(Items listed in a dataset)
--- START ---
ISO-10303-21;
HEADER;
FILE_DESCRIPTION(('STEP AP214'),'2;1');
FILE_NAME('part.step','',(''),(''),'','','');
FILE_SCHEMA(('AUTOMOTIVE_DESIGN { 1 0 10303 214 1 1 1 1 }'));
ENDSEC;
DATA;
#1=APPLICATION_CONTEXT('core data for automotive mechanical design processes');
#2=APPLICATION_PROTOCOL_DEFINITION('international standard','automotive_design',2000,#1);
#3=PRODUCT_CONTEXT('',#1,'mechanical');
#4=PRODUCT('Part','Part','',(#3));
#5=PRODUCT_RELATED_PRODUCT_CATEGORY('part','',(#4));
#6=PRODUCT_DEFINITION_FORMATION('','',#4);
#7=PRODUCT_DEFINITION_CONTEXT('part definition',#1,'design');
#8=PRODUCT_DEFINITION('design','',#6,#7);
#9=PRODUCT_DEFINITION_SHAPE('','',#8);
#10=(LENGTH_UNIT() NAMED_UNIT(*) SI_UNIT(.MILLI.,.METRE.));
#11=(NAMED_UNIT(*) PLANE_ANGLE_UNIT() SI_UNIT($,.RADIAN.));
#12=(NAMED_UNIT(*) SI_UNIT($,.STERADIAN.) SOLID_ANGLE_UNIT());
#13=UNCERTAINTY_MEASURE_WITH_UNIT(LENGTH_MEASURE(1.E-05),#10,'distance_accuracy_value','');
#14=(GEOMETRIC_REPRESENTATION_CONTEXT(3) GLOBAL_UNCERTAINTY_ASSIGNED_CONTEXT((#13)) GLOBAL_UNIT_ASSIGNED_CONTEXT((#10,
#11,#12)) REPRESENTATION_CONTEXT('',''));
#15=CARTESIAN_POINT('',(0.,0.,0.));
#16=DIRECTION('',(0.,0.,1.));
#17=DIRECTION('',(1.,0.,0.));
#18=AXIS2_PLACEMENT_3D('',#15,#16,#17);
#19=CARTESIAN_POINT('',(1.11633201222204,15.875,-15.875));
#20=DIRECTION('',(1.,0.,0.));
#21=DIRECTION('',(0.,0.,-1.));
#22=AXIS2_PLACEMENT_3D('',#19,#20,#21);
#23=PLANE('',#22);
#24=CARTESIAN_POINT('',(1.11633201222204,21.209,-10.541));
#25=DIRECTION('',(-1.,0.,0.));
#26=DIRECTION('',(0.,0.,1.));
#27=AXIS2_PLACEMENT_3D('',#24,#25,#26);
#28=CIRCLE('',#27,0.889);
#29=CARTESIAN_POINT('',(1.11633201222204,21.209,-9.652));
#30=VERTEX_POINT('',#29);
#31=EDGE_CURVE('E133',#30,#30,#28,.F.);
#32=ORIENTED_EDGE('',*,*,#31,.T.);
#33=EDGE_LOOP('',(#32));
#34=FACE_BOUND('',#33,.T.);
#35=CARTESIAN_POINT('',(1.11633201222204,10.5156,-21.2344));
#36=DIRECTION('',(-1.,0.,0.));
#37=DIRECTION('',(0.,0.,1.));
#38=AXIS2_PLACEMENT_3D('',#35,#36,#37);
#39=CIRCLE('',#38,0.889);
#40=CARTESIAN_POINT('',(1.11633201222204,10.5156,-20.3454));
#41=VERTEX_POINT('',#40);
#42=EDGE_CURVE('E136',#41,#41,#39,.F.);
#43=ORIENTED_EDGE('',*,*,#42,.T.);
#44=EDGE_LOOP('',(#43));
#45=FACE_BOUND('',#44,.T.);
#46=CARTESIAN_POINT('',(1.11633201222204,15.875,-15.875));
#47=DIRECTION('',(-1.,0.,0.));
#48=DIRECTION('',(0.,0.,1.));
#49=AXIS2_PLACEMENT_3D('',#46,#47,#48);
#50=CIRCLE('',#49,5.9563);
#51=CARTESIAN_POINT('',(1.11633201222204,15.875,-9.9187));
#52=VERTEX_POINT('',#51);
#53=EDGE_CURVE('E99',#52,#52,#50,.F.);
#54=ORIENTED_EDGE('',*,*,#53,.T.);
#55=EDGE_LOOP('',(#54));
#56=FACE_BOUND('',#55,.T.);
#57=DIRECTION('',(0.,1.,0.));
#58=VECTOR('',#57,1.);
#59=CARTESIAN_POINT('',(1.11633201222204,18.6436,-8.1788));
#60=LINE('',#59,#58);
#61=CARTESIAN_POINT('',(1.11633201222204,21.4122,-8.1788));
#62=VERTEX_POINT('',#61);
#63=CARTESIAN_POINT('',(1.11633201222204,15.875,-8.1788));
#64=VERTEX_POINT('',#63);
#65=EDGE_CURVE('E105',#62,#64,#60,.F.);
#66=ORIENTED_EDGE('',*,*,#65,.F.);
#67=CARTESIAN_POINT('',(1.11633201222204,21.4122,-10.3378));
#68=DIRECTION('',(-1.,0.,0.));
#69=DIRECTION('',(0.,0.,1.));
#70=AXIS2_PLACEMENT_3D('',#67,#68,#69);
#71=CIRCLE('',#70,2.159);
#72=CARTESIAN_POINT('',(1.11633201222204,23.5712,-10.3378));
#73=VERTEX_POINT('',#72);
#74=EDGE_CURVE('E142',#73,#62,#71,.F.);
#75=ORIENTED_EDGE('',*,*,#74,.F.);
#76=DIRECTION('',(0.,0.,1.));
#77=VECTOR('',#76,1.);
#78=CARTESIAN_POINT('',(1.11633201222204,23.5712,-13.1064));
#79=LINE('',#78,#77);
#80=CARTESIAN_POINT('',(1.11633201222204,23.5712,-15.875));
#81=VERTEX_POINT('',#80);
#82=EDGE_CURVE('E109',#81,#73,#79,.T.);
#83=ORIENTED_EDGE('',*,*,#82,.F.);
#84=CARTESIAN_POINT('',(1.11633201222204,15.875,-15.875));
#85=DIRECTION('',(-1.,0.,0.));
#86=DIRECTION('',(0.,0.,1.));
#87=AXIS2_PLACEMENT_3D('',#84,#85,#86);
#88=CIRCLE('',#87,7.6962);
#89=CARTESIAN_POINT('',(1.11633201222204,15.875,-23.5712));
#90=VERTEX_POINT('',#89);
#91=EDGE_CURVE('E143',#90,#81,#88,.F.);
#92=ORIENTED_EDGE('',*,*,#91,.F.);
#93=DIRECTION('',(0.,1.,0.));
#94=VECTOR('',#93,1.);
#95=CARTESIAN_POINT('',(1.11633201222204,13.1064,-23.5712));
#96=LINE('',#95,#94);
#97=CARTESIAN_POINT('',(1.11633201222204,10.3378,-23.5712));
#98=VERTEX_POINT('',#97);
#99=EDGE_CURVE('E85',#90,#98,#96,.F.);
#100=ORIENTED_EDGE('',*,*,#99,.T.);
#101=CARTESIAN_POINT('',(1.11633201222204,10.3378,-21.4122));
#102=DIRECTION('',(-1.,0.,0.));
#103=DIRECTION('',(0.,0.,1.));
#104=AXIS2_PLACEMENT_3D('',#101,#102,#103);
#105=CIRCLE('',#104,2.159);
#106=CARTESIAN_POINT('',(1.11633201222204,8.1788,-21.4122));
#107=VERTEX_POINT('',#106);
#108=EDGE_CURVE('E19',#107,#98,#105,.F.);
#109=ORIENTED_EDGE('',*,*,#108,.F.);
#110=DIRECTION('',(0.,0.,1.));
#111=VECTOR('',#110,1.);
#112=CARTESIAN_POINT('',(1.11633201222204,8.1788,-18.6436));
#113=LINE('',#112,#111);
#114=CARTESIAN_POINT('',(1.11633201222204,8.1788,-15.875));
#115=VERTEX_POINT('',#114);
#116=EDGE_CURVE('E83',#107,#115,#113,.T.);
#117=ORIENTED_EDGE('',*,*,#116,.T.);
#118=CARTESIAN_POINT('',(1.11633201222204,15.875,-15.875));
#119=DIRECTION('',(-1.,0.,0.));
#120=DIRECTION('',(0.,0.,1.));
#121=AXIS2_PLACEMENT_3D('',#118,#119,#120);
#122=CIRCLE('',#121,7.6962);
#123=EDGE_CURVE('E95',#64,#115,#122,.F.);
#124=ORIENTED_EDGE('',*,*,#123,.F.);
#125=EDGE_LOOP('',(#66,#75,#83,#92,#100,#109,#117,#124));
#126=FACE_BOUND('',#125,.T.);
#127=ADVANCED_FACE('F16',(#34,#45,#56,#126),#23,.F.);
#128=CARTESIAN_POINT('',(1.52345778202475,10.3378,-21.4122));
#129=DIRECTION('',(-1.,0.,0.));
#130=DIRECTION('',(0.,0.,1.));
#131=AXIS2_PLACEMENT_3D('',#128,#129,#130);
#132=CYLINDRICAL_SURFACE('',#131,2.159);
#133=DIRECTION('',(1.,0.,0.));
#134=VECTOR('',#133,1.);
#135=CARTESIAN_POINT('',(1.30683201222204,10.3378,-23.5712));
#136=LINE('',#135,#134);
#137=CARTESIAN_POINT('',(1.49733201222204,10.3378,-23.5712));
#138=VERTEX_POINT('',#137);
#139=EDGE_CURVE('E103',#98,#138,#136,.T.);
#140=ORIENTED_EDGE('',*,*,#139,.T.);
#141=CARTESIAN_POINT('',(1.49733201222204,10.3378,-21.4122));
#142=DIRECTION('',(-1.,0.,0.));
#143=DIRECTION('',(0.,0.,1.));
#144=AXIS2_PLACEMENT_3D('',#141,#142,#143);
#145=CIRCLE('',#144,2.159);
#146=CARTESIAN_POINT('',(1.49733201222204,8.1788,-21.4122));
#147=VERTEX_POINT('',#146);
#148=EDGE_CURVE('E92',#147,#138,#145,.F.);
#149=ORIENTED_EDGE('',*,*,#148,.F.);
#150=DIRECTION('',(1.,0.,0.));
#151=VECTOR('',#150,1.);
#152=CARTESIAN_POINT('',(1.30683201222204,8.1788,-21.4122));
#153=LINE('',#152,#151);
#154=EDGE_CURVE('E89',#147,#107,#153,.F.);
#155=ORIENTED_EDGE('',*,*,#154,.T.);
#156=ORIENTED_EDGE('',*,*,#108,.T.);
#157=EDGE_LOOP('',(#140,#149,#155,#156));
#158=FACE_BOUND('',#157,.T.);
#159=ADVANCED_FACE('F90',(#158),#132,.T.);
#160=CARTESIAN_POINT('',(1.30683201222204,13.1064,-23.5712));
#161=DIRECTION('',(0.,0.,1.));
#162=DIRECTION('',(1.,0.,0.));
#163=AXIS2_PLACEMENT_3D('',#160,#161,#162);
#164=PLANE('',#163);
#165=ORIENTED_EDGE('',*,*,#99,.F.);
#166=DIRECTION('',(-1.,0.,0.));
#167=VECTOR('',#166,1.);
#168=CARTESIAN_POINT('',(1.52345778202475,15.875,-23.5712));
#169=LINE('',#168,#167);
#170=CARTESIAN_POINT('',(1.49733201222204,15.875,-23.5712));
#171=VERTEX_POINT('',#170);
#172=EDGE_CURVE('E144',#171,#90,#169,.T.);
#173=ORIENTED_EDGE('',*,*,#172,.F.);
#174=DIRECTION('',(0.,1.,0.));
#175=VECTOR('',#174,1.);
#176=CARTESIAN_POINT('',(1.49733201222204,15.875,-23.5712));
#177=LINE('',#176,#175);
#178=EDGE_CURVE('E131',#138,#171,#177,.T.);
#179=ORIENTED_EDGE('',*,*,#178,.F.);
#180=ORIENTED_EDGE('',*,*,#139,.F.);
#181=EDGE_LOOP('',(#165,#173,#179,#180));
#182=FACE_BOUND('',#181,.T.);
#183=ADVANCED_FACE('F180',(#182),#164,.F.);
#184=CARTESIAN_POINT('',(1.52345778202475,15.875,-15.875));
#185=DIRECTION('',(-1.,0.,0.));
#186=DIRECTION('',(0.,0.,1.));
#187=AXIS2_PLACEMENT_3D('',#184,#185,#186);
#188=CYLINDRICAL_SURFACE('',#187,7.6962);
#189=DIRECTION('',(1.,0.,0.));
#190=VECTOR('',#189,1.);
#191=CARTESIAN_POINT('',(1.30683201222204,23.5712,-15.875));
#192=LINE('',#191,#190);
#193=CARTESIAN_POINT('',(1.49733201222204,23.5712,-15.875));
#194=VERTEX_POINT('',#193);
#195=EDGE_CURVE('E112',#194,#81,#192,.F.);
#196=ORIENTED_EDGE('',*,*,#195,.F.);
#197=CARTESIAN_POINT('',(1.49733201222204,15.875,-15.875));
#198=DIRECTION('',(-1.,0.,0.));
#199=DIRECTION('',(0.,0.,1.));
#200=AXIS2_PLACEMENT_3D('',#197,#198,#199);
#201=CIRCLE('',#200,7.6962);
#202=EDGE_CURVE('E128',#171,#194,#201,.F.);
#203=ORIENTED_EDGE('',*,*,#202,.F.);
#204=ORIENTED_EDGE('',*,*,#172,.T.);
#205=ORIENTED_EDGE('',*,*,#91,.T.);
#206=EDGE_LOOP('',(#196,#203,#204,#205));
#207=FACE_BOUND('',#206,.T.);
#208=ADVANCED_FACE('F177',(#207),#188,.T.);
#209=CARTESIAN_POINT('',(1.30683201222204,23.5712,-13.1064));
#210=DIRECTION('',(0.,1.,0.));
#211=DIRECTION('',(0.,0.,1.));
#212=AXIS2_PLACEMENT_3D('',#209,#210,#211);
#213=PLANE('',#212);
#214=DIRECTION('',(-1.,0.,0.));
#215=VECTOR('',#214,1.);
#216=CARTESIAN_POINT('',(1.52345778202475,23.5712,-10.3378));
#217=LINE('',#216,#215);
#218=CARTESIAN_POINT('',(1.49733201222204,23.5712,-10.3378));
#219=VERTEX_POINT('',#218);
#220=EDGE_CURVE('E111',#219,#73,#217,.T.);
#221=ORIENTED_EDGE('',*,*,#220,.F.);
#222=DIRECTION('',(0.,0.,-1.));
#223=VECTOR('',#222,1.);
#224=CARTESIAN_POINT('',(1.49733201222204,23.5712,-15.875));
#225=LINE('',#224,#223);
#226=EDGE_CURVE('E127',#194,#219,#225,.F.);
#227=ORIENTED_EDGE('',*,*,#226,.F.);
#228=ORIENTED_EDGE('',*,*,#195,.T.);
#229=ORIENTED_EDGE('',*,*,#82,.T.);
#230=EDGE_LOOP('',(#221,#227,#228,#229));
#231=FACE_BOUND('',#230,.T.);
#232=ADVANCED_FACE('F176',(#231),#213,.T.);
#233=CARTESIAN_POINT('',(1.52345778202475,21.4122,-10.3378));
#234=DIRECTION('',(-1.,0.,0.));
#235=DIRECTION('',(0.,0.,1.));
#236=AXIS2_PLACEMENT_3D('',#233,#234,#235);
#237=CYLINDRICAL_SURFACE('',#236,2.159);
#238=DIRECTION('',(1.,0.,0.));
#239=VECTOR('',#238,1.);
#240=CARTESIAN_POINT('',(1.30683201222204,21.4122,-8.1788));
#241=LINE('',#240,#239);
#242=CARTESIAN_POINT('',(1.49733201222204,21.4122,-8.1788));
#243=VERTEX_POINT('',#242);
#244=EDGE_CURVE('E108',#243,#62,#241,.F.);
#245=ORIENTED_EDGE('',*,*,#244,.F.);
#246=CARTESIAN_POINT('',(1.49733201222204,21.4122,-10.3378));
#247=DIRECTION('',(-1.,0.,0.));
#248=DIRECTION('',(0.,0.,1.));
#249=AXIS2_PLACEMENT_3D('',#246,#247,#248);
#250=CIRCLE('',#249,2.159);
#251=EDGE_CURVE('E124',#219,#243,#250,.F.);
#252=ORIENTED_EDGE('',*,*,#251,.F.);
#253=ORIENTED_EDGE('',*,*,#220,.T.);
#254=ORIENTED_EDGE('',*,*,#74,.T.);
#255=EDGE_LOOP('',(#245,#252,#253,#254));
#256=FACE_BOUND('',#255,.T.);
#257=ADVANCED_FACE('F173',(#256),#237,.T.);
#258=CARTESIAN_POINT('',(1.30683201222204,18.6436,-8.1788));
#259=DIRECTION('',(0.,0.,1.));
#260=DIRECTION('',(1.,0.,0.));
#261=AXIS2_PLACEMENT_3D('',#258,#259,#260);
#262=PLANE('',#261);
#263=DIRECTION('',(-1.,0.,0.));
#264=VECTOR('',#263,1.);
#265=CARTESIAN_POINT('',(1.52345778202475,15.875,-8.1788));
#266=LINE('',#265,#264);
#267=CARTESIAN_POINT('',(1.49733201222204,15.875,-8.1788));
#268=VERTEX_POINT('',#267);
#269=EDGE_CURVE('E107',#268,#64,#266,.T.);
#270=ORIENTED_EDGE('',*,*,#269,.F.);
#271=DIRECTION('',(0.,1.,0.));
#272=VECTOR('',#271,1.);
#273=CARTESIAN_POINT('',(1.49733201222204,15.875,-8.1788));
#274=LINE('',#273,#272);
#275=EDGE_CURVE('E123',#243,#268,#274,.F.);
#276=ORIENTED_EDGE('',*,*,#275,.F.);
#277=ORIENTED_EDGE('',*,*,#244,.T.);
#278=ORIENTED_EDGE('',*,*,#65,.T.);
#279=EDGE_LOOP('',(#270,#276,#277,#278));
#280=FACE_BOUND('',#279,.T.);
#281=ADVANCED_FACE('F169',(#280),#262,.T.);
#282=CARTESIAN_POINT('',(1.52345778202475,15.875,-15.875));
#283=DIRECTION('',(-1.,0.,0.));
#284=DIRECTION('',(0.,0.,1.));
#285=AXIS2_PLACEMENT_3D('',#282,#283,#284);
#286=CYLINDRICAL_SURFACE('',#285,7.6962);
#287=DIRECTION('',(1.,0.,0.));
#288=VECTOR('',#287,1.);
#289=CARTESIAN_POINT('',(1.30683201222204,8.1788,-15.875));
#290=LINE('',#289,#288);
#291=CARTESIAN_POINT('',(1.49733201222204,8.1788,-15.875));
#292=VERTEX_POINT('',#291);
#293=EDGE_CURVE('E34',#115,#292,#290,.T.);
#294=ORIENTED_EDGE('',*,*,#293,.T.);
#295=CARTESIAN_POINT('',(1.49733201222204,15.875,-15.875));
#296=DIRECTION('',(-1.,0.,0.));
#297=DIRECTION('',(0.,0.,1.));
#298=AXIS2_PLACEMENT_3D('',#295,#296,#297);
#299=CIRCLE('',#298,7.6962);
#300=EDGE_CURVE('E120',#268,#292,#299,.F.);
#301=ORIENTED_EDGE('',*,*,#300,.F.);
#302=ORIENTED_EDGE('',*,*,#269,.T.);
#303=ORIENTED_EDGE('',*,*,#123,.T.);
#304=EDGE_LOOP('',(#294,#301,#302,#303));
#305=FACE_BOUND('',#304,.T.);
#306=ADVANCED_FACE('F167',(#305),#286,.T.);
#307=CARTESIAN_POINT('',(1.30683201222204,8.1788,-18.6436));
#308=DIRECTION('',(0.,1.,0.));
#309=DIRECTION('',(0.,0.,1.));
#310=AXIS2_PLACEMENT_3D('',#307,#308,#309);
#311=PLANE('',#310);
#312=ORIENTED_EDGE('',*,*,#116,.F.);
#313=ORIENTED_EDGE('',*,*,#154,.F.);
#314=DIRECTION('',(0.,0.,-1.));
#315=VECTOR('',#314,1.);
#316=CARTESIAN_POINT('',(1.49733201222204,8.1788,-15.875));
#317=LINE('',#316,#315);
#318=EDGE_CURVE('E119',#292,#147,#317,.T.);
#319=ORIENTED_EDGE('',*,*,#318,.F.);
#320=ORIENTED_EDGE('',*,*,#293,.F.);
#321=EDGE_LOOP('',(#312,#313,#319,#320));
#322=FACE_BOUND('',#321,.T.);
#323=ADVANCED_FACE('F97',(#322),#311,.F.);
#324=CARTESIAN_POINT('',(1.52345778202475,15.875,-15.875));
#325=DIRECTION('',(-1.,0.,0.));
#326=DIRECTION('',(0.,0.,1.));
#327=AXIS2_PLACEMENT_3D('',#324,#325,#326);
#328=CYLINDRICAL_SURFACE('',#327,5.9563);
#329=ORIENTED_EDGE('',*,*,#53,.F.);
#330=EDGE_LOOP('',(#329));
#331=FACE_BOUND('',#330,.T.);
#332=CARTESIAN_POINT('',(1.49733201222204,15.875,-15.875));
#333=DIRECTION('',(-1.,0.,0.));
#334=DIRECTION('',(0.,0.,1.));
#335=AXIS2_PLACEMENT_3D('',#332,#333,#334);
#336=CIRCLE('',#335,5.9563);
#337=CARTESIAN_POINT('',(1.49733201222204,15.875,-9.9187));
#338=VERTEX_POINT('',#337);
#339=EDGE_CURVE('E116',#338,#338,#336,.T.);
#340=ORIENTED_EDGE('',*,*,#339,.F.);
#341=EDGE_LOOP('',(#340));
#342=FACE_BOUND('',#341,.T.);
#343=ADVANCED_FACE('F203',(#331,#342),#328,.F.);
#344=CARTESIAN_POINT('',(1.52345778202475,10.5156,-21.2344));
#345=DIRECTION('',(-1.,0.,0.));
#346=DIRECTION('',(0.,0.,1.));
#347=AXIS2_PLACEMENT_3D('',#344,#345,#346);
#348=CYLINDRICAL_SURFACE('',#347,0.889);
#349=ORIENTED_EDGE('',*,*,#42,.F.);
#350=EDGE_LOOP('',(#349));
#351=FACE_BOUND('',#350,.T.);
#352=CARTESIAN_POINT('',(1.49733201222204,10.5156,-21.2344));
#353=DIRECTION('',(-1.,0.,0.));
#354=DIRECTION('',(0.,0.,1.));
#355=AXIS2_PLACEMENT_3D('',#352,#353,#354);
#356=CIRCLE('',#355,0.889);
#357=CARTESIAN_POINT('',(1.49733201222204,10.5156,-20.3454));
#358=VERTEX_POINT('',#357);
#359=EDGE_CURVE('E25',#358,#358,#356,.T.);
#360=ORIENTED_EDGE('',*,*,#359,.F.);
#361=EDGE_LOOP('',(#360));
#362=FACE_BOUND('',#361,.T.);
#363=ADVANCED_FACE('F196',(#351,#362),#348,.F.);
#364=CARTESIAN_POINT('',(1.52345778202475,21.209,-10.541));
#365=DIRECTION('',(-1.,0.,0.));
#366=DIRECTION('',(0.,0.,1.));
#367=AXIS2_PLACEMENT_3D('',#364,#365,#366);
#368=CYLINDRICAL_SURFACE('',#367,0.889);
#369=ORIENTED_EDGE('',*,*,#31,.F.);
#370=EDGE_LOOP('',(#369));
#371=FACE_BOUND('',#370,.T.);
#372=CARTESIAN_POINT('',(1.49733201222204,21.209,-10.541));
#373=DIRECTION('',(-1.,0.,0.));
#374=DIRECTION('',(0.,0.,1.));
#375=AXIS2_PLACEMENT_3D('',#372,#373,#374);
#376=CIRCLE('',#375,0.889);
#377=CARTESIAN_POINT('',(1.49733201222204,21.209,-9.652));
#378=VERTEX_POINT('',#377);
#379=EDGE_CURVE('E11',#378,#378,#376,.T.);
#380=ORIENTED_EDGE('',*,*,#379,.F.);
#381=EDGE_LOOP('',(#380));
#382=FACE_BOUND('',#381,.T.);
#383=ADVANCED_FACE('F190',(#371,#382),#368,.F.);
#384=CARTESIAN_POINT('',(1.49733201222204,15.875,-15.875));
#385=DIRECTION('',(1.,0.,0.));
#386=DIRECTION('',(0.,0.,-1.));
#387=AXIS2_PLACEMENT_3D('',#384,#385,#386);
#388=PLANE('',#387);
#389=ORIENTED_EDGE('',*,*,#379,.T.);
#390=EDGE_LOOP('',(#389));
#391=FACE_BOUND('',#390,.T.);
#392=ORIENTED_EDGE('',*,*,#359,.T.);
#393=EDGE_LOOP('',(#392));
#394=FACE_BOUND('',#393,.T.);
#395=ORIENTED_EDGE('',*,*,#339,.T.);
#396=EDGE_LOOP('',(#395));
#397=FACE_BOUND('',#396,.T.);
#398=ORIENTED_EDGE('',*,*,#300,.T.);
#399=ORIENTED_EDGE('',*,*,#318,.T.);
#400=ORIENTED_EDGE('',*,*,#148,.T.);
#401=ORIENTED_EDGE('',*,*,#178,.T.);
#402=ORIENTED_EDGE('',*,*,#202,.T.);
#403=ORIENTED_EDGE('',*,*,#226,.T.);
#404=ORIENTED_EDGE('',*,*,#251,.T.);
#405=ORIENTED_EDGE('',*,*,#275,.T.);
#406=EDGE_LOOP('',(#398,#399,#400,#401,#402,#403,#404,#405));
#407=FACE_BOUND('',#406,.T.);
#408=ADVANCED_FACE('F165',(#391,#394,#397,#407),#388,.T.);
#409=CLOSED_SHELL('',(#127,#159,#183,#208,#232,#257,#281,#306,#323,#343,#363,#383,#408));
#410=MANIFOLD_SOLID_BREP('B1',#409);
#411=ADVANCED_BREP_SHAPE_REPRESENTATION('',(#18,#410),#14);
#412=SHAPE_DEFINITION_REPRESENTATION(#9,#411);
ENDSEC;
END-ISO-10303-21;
--- END ---
Return only the lines between the one holding "#163=AXIS2_PLACEMENT_3D('',#160,#161,#162);" and the one holding "#171=VERTEX_POINT('',#170);", inclusive, exactly as they appear above.

#163=AXIS2_PLACEMENT_3D('',#160,#161,#162);
#164=PLANE('',#163);
#165=ORIENTED_EDGE('',*,*,#99,.F.);
#166=DIRECTION('',(-1.,0.,0.));
#167=VECTOR('',#166,1.);
#168=CARTESIAN_POINT('',(1.52345778202475,15.875,-23.5712));
#169=LINE('',#168,#167);
#170=CARTESIAN_POINT('',(1.49733201222204,15.875,-23.5712));
#171=VERTEX_POINT('',#170);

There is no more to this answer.